Wondered if anyone out there has the same issue as me. 

My beagle, Charlie, although challenging throughout the day becomes 'naughty' when my husband gets home at 5pm. Suddenly theres no entertaining him and he decides to chew furniture etc. 

He sleeps a few hours through the day and it's difficult to settle him down so I doubt he's tired. 

Despite feeding, playing, walking, giving him chew treats and chew toys...theres no stopping him chewing up his bed, rugs, my shoes...which isn't much of a problem through the day. It is very very tiring constantly getting him to stop chewing things, and I mean it's CONSTANT for hours and hours till bedtime. 

Any advice?!?!


----------



## theevos5 (Dec 24, 2009)

replace whatever it is he is chewing with rawhide,at that age Alfie would chew for hours on the stuff,it could be because the attention diverts from him at that time of the day as he used to having you doing lots with him and then everyone else comes home and it switches.At one point I was dreading my son coming home from school at 3.30 for this reason,I had spent all day playing etc with Alf and then my son comes home and I needed to read etc with him and Alf would start the mischief making,pulling things off the worktop,chewing shoes,it was all for attention,I would settle him down with a tummy rub etc and hold a rawhide whilst he chewed it,and then gradually,moving away till I was on the sofa and he was chewing quite happily on the floor.
Also crate time was useful if I needed to do anything,I would put him in his crate with nice chewy things and I could grab an hour or so and by doing this he learnt to amuse himself and settle.We used to get to a point when we knew that Alf was over tired too,and he was so hyper,we would then crate him and he would be asleep,within minutes,but out of the crate he would stay awake looking for new adventures!
Hope this helps


----------



## Pineapple (Sep 9, 2010)

Heh heh Bodie has been very much the same the last couple of evenings.

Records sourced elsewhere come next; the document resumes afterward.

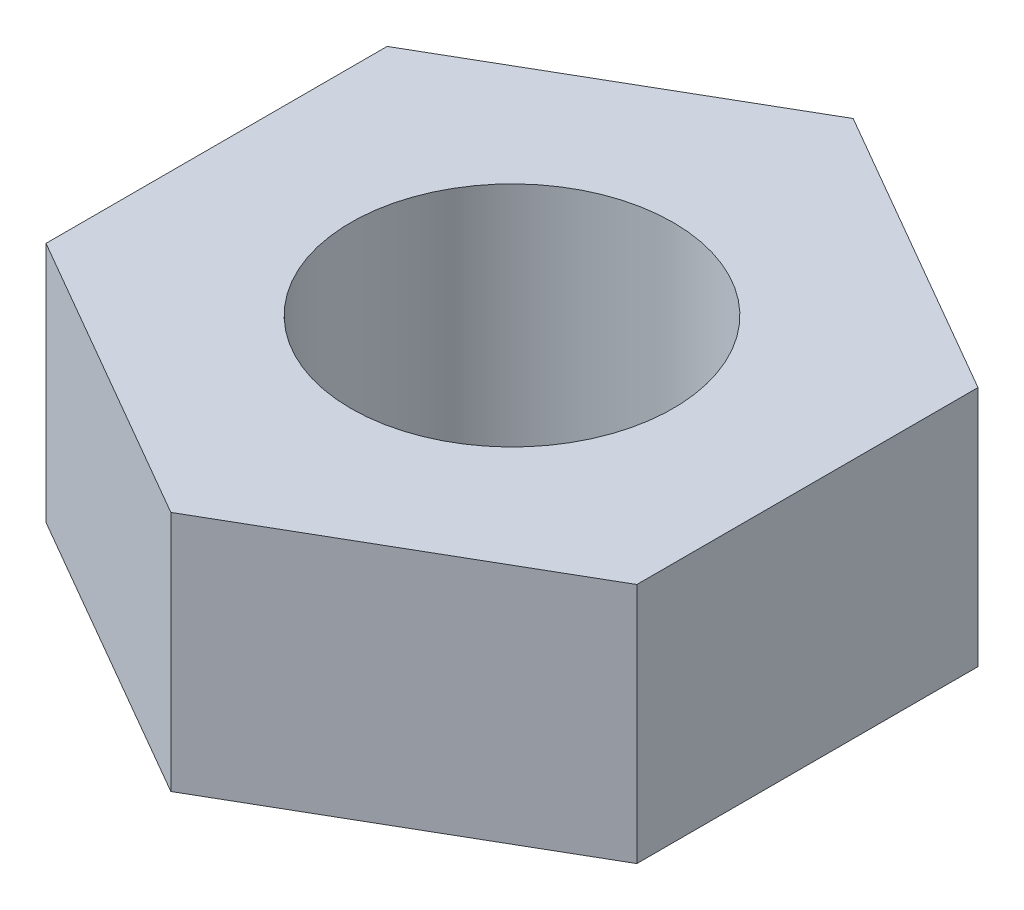
ISO-10303-21;
HEADER;
FILE_DESCRIPTION(('STEP AP214'),'2;1');
FILE_NAME('part.step','',(''),(''),'','','');
FILE_SCHEMA(('AUTOMOTIVE_DESIGN { 1 0 10303 214 1 1 1 1 }'));
ENDSEC;
DATA;
#1=APPLICATION_CONTEXT('core data for automotive mechanical design processes');
#2=APPLICATION_PROTOCOL_DEFINITION('international standard','automotive_design',2000,#1);
#3=PRODUCT_CONTEXT('',#1,'mechanical');
#4=PRODUCT('Part','Part','',(#3));
#5=PRODUCT_RELATED_PRODUCT_CATEGORY('part','',(#4));
#6=PRODUCT_DEFINITION_FORMATION('','',#4);
#7=PRODUCT_DEFINITION_CONTEXT('part definition',#1,'design');
#8=PRODUCT_DEFINITION('design','',#6,#7);
#9=PRODUCT_DEFINITION_SHAPE('','',#8);
#10=(LENGTH_UNIT() NAMED_UNIT(*) SI_UNIT(.MILLI.,.METRE.));
#11=(NAMED_UNIT(*) PLANE_ANGLE_UNIT() SI_UNIT($,.RADIAN.));
#12=(NAMED_UNIT(*) SI_UNIT($,.STERADIAN.) SOLID_ANGLE_UNIT());
#13=UNCERTAINTY_MEASURE_WITH_UNIT(LENGTH_MEASURE(1.E-05),#10,'distance_accuracy_value','');
#14=(GEOMETRIC_REPRESENTATION_CONTEXT(3) GLOBAL_UNCERTAINTY_ASSIGNED_CONTEXT((#13)) GLOBAL_UNIT_ASSIGNED_CONTEXT((#10,
#11,#12)) REPRESENTATION_CONTEXT('',''));
#15=CARTESIAN_POINT('',(0.,0.,0.));
#16=DIRECTION('',(0.,0.,1.));
#17=DIRECTION('',(1.,0.,0.));
#18=AXIS2_PLACEMENT_3D('',#15,#16,#17);
#19=CARTESIAN_POINT('',(0.,2.25,0.));
#20=DIRECTION('',(0.,1.,0.));
#21=DIRECTION('',(0.,0.,1.));
#22=AXIS2_PLACEMENT_3D('',#19,#20,#21);
#23=PLANE('',#22);
#24=DIRECTION('',(-0.866025403784438,0.,-0.5));
#25=VECTOR('',#24,1.);
#26=CARTESIAN_POINT('',(2.75,2.25,-1.58771324027147));
#27=LINE('',#26,#25);
#28=CARTESIAN_POINT('',(2.75,2.25,-1.58771324027147));
#29=VERTEX_POINT('',#28);
#30=CARTESIAN_POINT('',(0.,2.25,-3.17542648054294));
#31=VERTEX_POINT('',#30);
#32=EDGE_CURVE('E129',#29,#31,#27,.T.);
#33=ORIENTED_EDGE('',*,*,#32,.T.);
#34=DIRECTION('',(-0.866025403784439,0.,0.5));
#35=VECTOR('',#34,1.);
#36=CARTESIAN_POINT('',(0.,2.25,-3.17542648054294));
#37=LINE('',#36,#35);
#38=CARTESIAN_POINT('',(-2.75,2.25,-1.58771324027147));
#39=VERTEX_POINT('',#38);
#40=EDGE_CURVE('E87',#31,#39,#37,.T.);
#41=ORIENTED_EDGE('',*,*,#40,.T.);
#42=DIRECTION('',(0.,0.,1.));
#43=VECTOR('',#42,1.);
#44=CARTESIAN_POINT('',(-2.75,2.25,-1.58771324027147));
#45=LINE('',#44,#43);
#46=CARTESIAN_POINT('',(-2.75,2.25,1.58771324027147));
#47=VERTEX_POINT('',#46);
#48=EDGE_CURVE('E100',#39,#47,#45,.T.);
#49=ORIENTED_EDGE('',*,*,#48,.T.);
#50=DIRECTION('',(0.866025403784439,0.,0.5));
#51=VECTOR('',#50,1.);
#52=CARTESIAN_POINT('',(-2.75,2.25,1.58771324027147));
#53=LINE('',#52,#51);
#54=CARTESIAN_POINT('',(0.,2.25,3.17542648054294));
#55=VERTEX_POINT('',#54);
#56=EDGE_CURVE('E94',#47,#55,#53,.T.);
#57=ORIENTED_EDGE('',*,*,#56,.T.);
#58=DIRECTION('',(0.866025403784439,0.,-0.5));
#59=VECTOR('',#58,1.);
#60=CARTESIAN_POINT('',(0.,2.25,3.17542648054294));
#61=LINE('',#60,#59);
#62=CARTESIAN_POINT('',(2.75,2.25,1.58771324027147));
#63=VERTEX_POINT('',#62);
#64=EDGE_CURVE('E98',#55,#63,#61,.T.);
#65=ORIENTED_EDGE('',*,*,#64,.T.);
#66=DIRECTION('',(0.,0.,-1.));
#67=VECTOR('',#66,1.);
#68=CARTESIAN_POINT('',(2.75,2.25,1.58771324027147));
#69=LINE('',#68,#67);
#70=EDGE_CURVE('E50',#63,#29,#69,.T.);
#71=ORIENTED_EDGE('',*,*,#70,.T.);
#72=EDGE_LOOP('',(#33,#41,#49,#57,#65,#71));
#73=FACE_BOUND('',#72,.T.);
#74=CARTESIAN_POINT('',(0.,2.25,0.));
#75=DIRECTION('',(0.,1.,0.));
#76=DIRECTION('',(0.,0.,1.));
#77=AXIS2_PLACEMENT_3D('',#74,#75,#76);
#78=CIRCLE('',#77,1.5);
#79=CARTESIAN_POINT('',(0.,2.25,1.5));
#80=VERTEX_POINT('',#79);
#81=EDGE_CURVE('E122',#80,#80,#78,.T.);
#82=ORIENTED_EDGE('',*,*,#81,.F.);
#83=EDGE_LOOP('',(#82));
#84=FACE_BOUND('',#83,.T.);
#85=ADVANCED_FACE('F33',(#73,#84),#23,.T.);
#86=CARTESIAN_POINT('',(0.,0.,0.));
#87=DIRECTION('',(0.,1.,0.));
#88=DIRECTION('',(0.,0.,1.));
#89=AXIS2_PLACEMENT_3D('',#86,#87,#88);
#90=PLANE('',#89);
#91=DIRECTION('',(-0.866025403784438,0.,-0.5));
#92=VECTOR('',#91,1.);
#93=CARTESIAN_POINT('',(2.75,0.,-1.58771324027147));
#94=LINE('',#93,#92);
#95=CARTESIAN_POINT('',(2.75,0.,-1.58771324027147));
#96=VERTEX_POINT('',#95);
#97=CARTESIAN_POINT('',(0.,0.,-3.17542648054294));
#98=VERTEX_POINT('',#97);
#99=EDGE_CURVE('E118',#96,#98,#94,.T.);
#100=ORIENTED_EDGE('',*,*,#99,.F.);
#101=DIRECTION('',(0.,0.,-1.));
#102=VECTOR('',#101,1.);
#103=CARTESIAN_POINT('',(2.75,0.,1.58771324027147));
#104=LINE('',#103,#102);
#105=CARTESIAN_POINT('',(2.75,0.,1.58771324027147));
#106=VERTEX_POINT('',#105);
#107=EDGE_CURVE('E79',#106,#96,#104,.T.);
#108=ORIENTED_EDGE('',*,*,#107,.F.);
#109=DIRECTION('',(0.866025403784439,0.,-0.5));
#110=VECTOR('',#109,1.);
#111=CARTESIAN_POINT('',(0.,0.,3.17542648054294));
#112=LINE('',#111,#110);
#113=CARTESIAN_POINT('',(0.,0.,3.17542648054294));
#114=VERTEX_POINT('',#113);
#115=EDGE_CURVE('E73',#114,#106,#112,.T.);
#116=ORIENTED_EDGE('',*,*,#115,.F.);
#117=DIRECTION('',(0.866025403784439,0.,0.5));
#118=VECTOR('',#117,1.);
#119=CARTESIAN_POINT('',(-2.75,0.,1.58771324027147));
#120=LINE('',#119,#118);
#121=CARTESIAN_POINT('',(-2.75,0.,1.58771324027147));
#122=VERTEX_POINT('',#121);
#123=EDGE_CURVE('E108',#122,#114,#120,.T.);
#124=ORIENTED_EDGE('',*,*,#123,.F.);
#125=DIRECTION('',(0.,0.,1.));
#126=VECTOR('',#125,1.);
#127=CARTESIAN_POINT('',(-2.75,0.,-1.58771324027147));
#128=LINE('',#127,#126);
#129=CARTESIAN_POINT('',(-2.75,0.,-1.58771324027147));
#130=VERTEX_POINT('',#129);
#131=EDGE_CURVE('E124',#130,#122,#128,.T.);
#132=ORIENTED_EDGE('',*,*,#131,.F.);
#133=DIRECTION('',(-0.866025403784439,0.,0.5));
#134=VECTOR('',#133,1.);
#135=CARTESIAN_POINT('',(0.,0.,-3.17542648054294));
#136=LINE('',#135,#134);
#137=EDGE_CURVE('E121',#98,#130,#136,.T.);
#138=ORIENTED_EDGE('',*,*,#137,.F.);
#139=EDGE_LOOP('',(#100,#108,#116,#124,#132,#138));
#140=FACE_BOUND('',#139,.T.);
#141=CARTESIAN_POINT('',(0.,0.,0.));
#142=DIRECTION('',(0.,1.,0.));
#143=DIRECTION('',(0.,0.,1.));
#144=AXIS2_PLACEMENT_3D('',#141,#142,#143);
#145=CIRCLE('',#144,1.5);
#146=CARTESIAN_POINT('',(0.,0.,1.5));
#147=VERTEX_POINT('',#146);
#148=EDGE_CURVE('E222',#147,#147,#145,.T.);
#149=ORIENTED_EDGE('',*,*,#148,.T.);
#150=EDGE_LOOP('',(#149));
#151=FACE_BOUND('',#150,.T.);
#152=ADVANCED_FACE('F138',(#140,#151),#90,.F.);
#153=CARTESIAN_POINT('',(2.75,2.25,-1.58771324027147));
#154=DIRECTION('',(-0.5,0.,0.866025403784439));
#155=DIRECTION('',(0.866025403784439,0.,0.5));
#156=AXIS2_PLACEMENT_3D('',#153,#154,#155);
#157=PLANE('',#156);
#158=ORIENTED_EDGE('',*,*,#99,.T.);
#159=DIRECTION('',(0.,-1.,0.));
#160=VECTOR('',#159,1.);
#161=CARTESIAN_POINT('',(0.,2.25,-3.17542648054294));
#162=LINE('',#161,#160);
#163=EDGE_CURVE('E11',#31,#98,#162,.T.);
#164=ORIENTED_EDGE('',*,*,#163,.F.);
#165=ORIENTED_EDGE('',*,*,#32,.F.);
#166=DIRECTION('',(0.,-1.,0.));
#167=VECTOR('',#166,1.);
#168=CARTESIAN_POINT('',(2.75,2.25,-1.58771324027147));
#169=LINE('',#168,#167);
#170=EDGE_CURVE('E114',#29,#96,#169,.T.);
#171=ORIENTED_EDGE('',*,*,#170,.T.);
#172=EDGE_LOOP('',(#158,#164,#165,#171));
#173=FACE_BOUND('',#172,.T.);
#174=ADVANCED_FACE('F35',(#173),#157,.F.);
#175=CARTESIAN_POINT('',(0.,2.25,-3.17542648054294));
#176=DIRECTION('',(0.5,0.,0.866025403784439));
#177=DIRECTION('',(0.866025403784439,0.,-0.5));
#178=AXIS2_PLACEMENT_3D('',#175,#176,#177);
#179=PLANE('',#178);
#180=ORIENTED_EDGE('',*,*,#137,.T.);
#181=DIRECTION('',(0.,-1.,0.));
#182=VECTOR('',#181,1.);
#183=CARTESIAN_POINT('',(-2.75,2.25,-1.58771324027147));
#184=LINE('',#183,#182);
#185=EDGE_CURVE('E42',#39,#130,#184,.T.);
#186=ORIENTED_EDGE('',*,*,#185,.F.);
#187=ORIENTED_EDGE('',*,*,#40,.F.);
#188=ORIENTED_EDGE('',*,*,#163,.T.);
#189=EDGE_LOOP('',(#180,#186,#187,#188));
#190=FACE_BOUND('',#189,.T.);
#191=ADVANCED_FACE('F163',(#190),#179,.F.);
#192=CARTESIAN_POINT('',(-2.75,2.25,-1.58771324027147));
#193=DIRECTION('',(1.,0.,0.));
#194=DIRECTION('',(0.,0.,-1.));
#195=AXIS2_PLACEMENT_3D('',#192,#193,#194);
#196=PLANE('',#195);
#197=ORIENTED_EDGE('',*,*,#131,.T.);
#198=DIRECTION('',(0.,-1.,0.));
#199=VECTOR('',#198,1.);
#200=CARTESIAN_POINT('',(-2.75,2.25,1.58771324027147));
#201=LINE('',#200,#199);
#202=EDGE_CURVE('E109',#47,#122,#201,.T.);
#203=ORIENTED_EDGE('',*,*,#202,.F.);
#204=ORIENTED_EDGE('',*,*,#48,.F.);
#205=ORIENTED_EDGE('',*,*,#185,.T.);
#206=EDGE_LOOP('',(#197,#203,#204,#205));
#207=FACE_BOUND('',#206,.T.);
#208=ADVANCED_FACE('F135',(#207),#196,.F.);
#209=CARTESIAN_POINT('',(-2.75,2.25,1.58771324027147));
#210=DIRECTION('',(0.5,0.,-0.866025403784439));
#211=DIRECTION('',(-0.866025403784439,0.,-0.5));
#212=AXIS2_PLACEMENT_3D('',#209,#210,#211);
#213=PLANE('',#212);
#214=ORIENTED_EDGE('',*,*,#123,.T.);
#215=DIRECTION('',(0.,-1.,0.));
#216=VECTOR('',#215,1.);
#217=CARTESIAN_POINT('',(0.,2.25,3.17542648054294));
#218=LINE('',#217,#216);
#219=EDGE_CURVE('E105',#55,#114,#218,.T.);
#220=ORIENTED_EDGE('',*,*,#219,.F.);
#221=ORIENTED_EDGE('',*,*,#56,.F.);
#222=ORIENTED_EDGE('',*,*,#202,.T.);
#223=EDGE_LOOP('',(#214,#220,#221,#222));
#224=FACE_BOUND('',#223,.T.);
#225=ADVANCED_FACE('F106',(#224),#213,.F.);
#226=CARTESIAN_POINT('',(0.,2.25,3.17542648054294));
#227=DIRECTION('',(-0.5,0.,-0.866025403784439));
#228=DIRECTION('',(-0.866025403784439,0.,0.5));
#229=AXIS2_PLACEMENT_3D('',#226,#227,#228);
#230=PLANE('',#229);
#231=ORIENTED_EDGE('',*,*,#115,.T.);
#232=DIRECTION('',(0.,-1.,0.));
#233=VECTOR('',#232,1.);
#234=CARTESIAN_POINT('',(2.75,2.25,1.58771324027147));
#235=LINE('',#234,#233);
#236=EDGE_CURVE('E110',#63,#106,#235,.T.);
#237=ORIENTED_EDGE('',*,*,#236,.F.);
#238=ORIENTED_EDGE('',*,*,#64,.F.);
#239=ORIENTED_EDGE('',*,*,#219,.T.);
#240=EDGE_LOOP('',(#231,#237,#238,#239));
#241=FACE_BOUND('',#240,.T.);
#242=ADVANCED_FACE('F112',(#241),#230,.F.);
#243=CARTESIAN_POINT('',(2.75,2.25,1.58771324027147));
#244=DIRECTION('',(-1.,0.,0.));
#245=DIRECTION('',(0.,0.,1.));
#246=AXIS2_PLACEMENT_3D('',#243,#244,#245);
#247=PLANE('',#246);
#248=ORIENTED_EDGE('',*,*,#107,.T.);
#249=ORIENTED_EDGE('',*,*,#170,.F.);
#250=ORIENTED_EDGE('',*,*,#70,.F.);
#251=ORIENTED_EDGE('',*,*,#236,.T.);
#252=EDGE_LOOP('',(#248,#249,#250,#251));
#253=FACE_BOUND('',#252,.T.);
#254=ADVANCED_FACE('F143',(#253),#247,.F.);
#255=CARTESIAN_POINT('',(0.,2.25,0.));
#256=DIRECTION('',(0.,-1.,0.));
#257=DIRECTION('',(0.,0.,-1.));
#258=AXIS2_PLACEMENT_3D('',#255,#256,#257);
#259=CYLINDRICAL_SURFACE('',#258,1.5);
#260=ORIENTED_EDGE('',*,*,#81,.T.);
#261=EDGE_LOOP('',(#260));
#262=FACE_BOUND('',#261,.T.);
#263=ORIENTED_EDGE('',*,*,#148,.F.);
#264=EDGE_LOOP('',(#263));
#265=FACE_BOUND('',#264,.T.);
#266=ADVANCED_FACE('F145',(#262,#265),#259,.F.);
#267=CLOSED_SHELL('',(#85,#152,#174,#191,#208,#225,#242,#254,#266));
#268=MANIFOLD_SOLID_BREP('B2',#267);
#269=ADVANCED_BREP_SHAPE_REPRESENTATION('',(#18,#268),#14);
#270=SHAPE_DEFINITION_REPRESENTATION(#9,#269);
ENDSEC;
END-ISO-10303-21;

I've only just managed to settle him in his crate with a stuffed Kong (thank god for the mighty Kong!)

Bo's last nap was around 4pm today, so he's been awake ages and I haven't been able to get him out of play/bitey mode until now. I've heard a lot that dawn and dusk are when pups tend to kick off the most and get hyped up. The problem for me (and maybe it's the same for you) is gauging when's best in the early evening to stop play and activity and encourage him to settle for the nap that comes before bedtime proper.

It's a bit of an awkward time, but usually if he naps before we have tea, he'll sit in the kitchen with us while we eat (he's usually really calm at this time), then he's just tired enough (but not over-spent/crabby) and more willing to settle to bed at around 7. I'm finding the more I try to get him tired enough for bed in the evenings, the more it sort of backfires and I end up misreading him thinking he's being mischievious because he needs to play and be stimulated, when really he's overtired. He can become a biting devil when that happens!

So perhaps if Charlie's sleeping a few hours in the day, then being really active for a longer span in the evening, he's tiring himself out and he's getting more cranky and mischievous as the night goes on? If that's what's happening, maybe try and distract him with a Kong, get him settled down and chewing on that for a while, he'll (hopefully) settle into a calmer frame of mind and may drift off and get some needed sleep.


----------



## Helbo (Sep 15, 2010)

Thanks guys - that's brilliant advice. 

After reading it I decided to stop chasing him and trying to distract him with other things and put Charlie to bed. In which he is now snoring...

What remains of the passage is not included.